Zarkoob Hadi, Lewinsky Sarah, Almgren Peter, Melander Olle, Fakhrai-Rad Hossein
BaseHealth Inc., Sunnyvale, California, United States of America.
Department of Clinical Sciences, Lund University, Malmö, Sweden.
PLoS One. 2017 Jul 12;12(7):e0180180. doi: 10.1371/journal.pone.0180180. eCollection 2017.
The aim of this study was to measure the impact of genetic data in improving the prediction of type 2 diabetes (T2D) in the Malmö Diet and Cancer Study cohort. The current study was performed in 3,426 Swedish individuals and utilizes of a set of genetic and environmental risk data. We first validated our environmental risk model by comparing it to both the Finnish Diabetes Risk Score and the T2D risk model derived from the Framingham Offspring Study. The area under the curve (AUC) for our environmental model was 0.72 [95% CI, 0.69-0.74], which was significantly better than both the Finnish (0.64 [95% CI, 0.61-0.66], p-value < 1 x 10-4) and Framingham (0.69 [95% CI, 0.66-0.71], p-value = 0.0017) risk scores. We then verified that the genetic data has a statistically significant positive correlation with incidence of T2D in the studied population. We also verified that adding genetic data slightly but statistically increased the AUC of a model based only on environmental risk factors (RFs, AUC shift +1.0% from 0.72 to 0.73, p-value = 0.042). To study the dependence of the results on the environmental RFs, we divided the population into two equally sized risk groups based only on their environmental risk and repeated the same analysis within each subpopulation. While there is a statistically significant positive correlation between the genetic data and incidence of T2D in both environmental risk categories, the positive shift in the AUC remains statistically significant only in the category with the lower environmental risk. These results demonstrate that genetic data can be used to increase the accuracy of T2D prediction. Also, the data suggests that genetic data is more valuable in improving T2D prediction in populations with lower environmental risk. This suggests that the impact of genetic data depends on the environmental risk of the studied population and thus genetic association studies should be performed in light of the underlying environmental risk of the population.

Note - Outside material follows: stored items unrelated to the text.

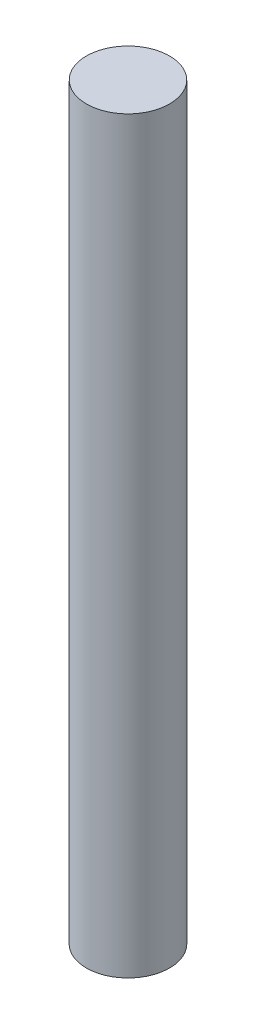
from build123d import *

# Parameters (mm, degrees)
SKETCH1_R           = 2
BOSS_EXTRUDE1_DEPTH = 18


with BuildPart() as part:
    # Sketch1 → Boss-Extrude1 (new body, symmetric)
    with BuildSketch(Plane(origin=(0, 0, 0), x_dir=(1, 0, 0), z_dir=(0, 1, 0))):
        Circle(SKETCH1_R)
    extrude(amount=BOSS_EXTRUDE1_DEPTH, both=True)


solid = part.part
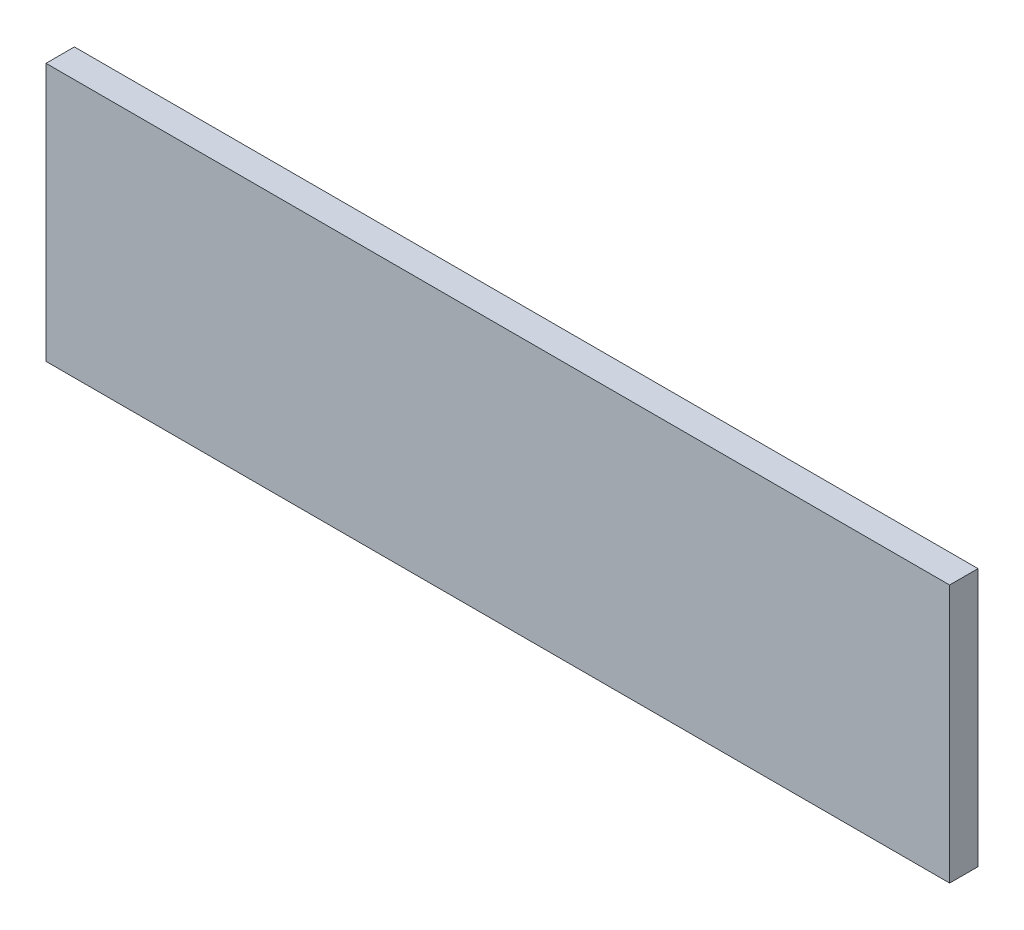
from build123d import *

# Parameters (mm, degrees)
SKETCH2_W           = 350
SKETCH2_H           = 100
BOSS_EXTRUDE1_DEPTH = 11


with BuildPart() as part:
    # Sketch2 → Boss-Extrude1 (new body)
    with BuildSketch(Plane.XY):
        with Locations((40.6, 9.266666667)):
            Rectangle(SKETCH2_W, SKETCH2_H)
    extrude(amount=BOSS_EXTRUDE1_DEPTH)


solid = part.part

本研究的目的是在马尔默饮食与癌症研究队列中,衡量基因数据对改善2型糖尿病(T2D)预测的影响。当前的研究在3426名瑞典个体中进行,并利用了一组基因和环境风险数据。我们首先通过将我们的环境风险模型与芬兰糖尿病风险评分以及从弗雷明汉后代研究得出的T2D风险模型进行比较,对其进行了验证。我们环境模型的曲线下面积(AUC)为0.72 [95%置信区间,0.69 - 0.74],这显著优于芬兰模型(0.64 [95%置信区间,0.61 - 0.66],p值 < 1×10⁻⁴)和弗雷明汉模型(0.69 [95%置信区间,0.66 - 0.71],p值 = 0.0017)的风险评分。然后我们验证了基因数据与所研究人群中T2D的发病率具有统计学上显著的正相关性。我们还验证了添加基因数据虽微小但在统计学上增加了仅基于环境风险因素的模型的AUC(风险因素,AUC从0.72变为0.73,偏移 +1.0%,p值 = 0.042)。为了研究结果对环境风险因素的依赖性,我们仅根据环境风险将人群分为两个规模相等的风险组,并在每个亚组内重复相同的分析。虽然在两个环境风险类别中基因数据与T2D发病率之间均存在统计学上显著的正相关性,但AUC的正向偏移仅在环境风险较低的类别中在统计学上仍然显著。这些结果表明基因数据可用于提高T2D预测的准确性。此外,数据表明基因数据在改善环境风险较低人群的T2D预测方面更有价值。这表明基因数据的影响取决于所研究人群的环境风险,因此基因关联研究应根据人群潜在的环境风险来进行。